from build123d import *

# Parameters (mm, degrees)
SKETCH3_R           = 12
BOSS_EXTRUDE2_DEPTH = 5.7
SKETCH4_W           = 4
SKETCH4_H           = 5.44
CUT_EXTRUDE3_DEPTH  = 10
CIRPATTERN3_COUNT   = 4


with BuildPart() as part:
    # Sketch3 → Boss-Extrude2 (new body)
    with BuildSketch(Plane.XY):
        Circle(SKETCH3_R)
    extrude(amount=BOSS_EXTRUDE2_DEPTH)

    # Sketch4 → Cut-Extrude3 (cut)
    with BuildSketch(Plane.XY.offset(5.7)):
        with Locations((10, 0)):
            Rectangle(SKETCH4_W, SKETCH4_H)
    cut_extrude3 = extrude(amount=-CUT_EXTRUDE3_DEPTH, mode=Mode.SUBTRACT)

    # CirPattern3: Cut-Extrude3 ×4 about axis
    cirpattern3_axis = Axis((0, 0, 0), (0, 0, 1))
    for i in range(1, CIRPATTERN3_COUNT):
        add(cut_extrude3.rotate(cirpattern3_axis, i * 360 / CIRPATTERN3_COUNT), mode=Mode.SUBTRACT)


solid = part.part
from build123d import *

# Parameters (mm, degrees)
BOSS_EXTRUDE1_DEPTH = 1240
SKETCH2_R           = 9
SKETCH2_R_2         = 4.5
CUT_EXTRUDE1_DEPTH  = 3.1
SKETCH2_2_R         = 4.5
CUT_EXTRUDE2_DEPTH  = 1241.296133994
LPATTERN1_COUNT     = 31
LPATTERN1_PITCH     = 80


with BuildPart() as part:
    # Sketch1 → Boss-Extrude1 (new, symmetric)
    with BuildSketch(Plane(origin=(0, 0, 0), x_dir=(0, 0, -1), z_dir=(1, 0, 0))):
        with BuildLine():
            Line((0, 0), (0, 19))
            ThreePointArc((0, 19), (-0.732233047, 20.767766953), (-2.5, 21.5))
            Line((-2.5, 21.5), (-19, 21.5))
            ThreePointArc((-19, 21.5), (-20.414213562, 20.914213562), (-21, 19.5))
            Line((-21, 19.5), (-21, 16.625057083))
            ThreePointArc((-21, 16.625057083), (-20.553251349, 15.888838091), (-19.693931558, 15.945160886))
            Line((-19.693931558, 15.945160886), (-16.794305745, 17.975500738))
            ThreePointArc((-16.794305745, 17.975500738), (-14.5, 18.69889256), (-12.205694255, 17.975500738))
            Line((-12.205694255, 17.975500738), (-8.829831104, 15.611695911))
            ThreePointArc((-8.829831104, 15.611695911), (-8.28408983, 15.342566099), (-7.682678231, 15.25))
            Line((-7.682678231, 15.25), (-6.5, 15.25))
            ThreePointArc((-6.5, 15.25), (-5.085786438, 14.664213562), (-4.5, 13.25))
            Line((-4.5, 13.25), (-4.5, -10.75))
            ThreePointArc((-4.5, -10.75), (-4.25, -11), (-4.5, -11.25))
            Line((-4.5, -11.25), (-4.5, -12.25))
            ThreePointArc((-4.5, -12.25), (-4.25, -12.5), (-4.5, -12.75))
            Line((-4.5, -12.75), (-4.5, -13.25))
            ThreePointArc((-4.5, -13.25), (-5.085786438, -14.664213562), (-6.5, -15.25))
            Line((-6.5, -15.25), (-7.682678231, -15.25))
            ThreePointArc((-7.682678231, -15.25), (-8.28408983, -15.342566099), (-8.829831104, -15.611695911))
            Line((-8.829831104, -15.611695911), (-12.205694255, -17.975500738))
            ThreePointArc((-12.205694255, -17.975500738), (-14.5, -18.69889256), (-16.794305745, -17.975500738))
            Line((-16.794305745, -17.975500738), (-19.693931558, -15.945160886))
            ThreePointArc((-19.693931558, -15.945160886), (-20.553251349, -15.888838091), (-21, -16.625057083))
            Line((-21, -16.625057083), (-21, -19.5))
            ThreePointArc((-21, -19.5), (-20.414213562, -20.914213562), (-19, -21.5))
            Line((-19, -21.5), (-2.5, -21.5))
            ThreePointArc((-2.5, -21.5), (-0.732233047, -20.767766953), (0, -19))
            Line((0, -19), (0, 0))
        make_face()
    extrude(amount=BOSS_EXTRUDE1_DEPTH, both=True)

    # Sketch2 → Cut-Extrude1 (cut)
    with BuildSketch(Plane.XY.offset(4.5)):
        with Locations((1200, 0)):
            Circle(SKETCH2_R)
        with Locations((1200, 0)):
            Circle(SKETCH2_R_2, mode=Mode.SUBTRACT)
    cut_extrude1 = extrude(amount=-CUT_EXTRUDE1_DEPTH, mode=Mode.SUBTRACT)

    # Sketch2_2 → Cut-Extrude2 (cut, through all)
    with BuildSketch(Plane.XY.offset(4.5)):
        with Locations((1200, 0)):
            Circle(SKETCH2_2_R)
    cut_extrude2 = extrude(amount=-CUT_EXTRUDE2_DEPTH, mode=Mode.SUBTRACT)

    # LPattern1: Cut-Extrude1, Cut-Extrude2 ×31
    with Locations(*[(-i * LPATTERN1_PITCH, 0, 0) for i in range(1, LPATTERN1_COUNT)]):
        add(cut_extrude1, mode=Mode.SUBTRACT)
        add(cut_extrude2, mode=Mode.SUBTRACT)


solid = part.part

──────────

- **What this task involves**
Take the listing above from its first line through the line containing "# Sketch1 →", and transcribe that stretch exactly, with no other lines.

- **Response**
from build123d import *

# Parameters (mm, degrees)
SKETCH3_R           = 12
BOSS_EXTRUDE2_DEPTH = 5.7
SKETCH4_W           = 4
SKETCH4_H           = 5.44
CUT_EXTRUDE3_DEPTH  = 10
CIRPATTERN3_COUNT   = 4


with BuildPart() as part:
    # Sketch3 → Boss-Extrude2 (new body)
    with BuildSketch(Plane.XY):
        Circle(SKETCH3_R)
    extrude(amount=BOSS_EXTRUDE2_DEPTH)

    # Sketch4 → Cut-Extrude3 (cut)
    with BuildSketch(Plane.XY.offset(5.7)):
        with Locations((10, 0)):
            Rectangle(SKETCH4_W, SKETCH4_H)
    cut_extrude3 = extrude(amount=-CUT_EXTRUDE3_DEPTH, mode=Mode.SUBTRACT)

    # CirPattern3: Cut-Extrude3 ×4 about axis
    cirpattern3_axis = Axis((0, 0, 0), (0, 0, 1))
    for i in range(1, CIRPATTERN3_COUNT):
        add(cut_extrude3.rotate(cirpattern3_axis, i * 360 / CIRPATTERN3_COUNT), mode=Mode.SUBTRACT)


solid = part.part
from build123d import *

# Parameters (mm, degrees)
BOSS_EXTRUDE1_DEPTH = 1240
SKETCH2_R           = 9
SKETCH2_R_2         = 4.5
CUT_EXTRUDE1_DEPTH  = 3.1
SKETCH2_2_R         = 4.5
CUT_EXTRUDE2_DEPTH  = 1241.296133994
LPATTERN1_COUNT     = 31
LPATTERN1_PITCH     = 80


with BuildPart() as part:
    # Sketch1 → Boss-Extrude1 (new, symmetric)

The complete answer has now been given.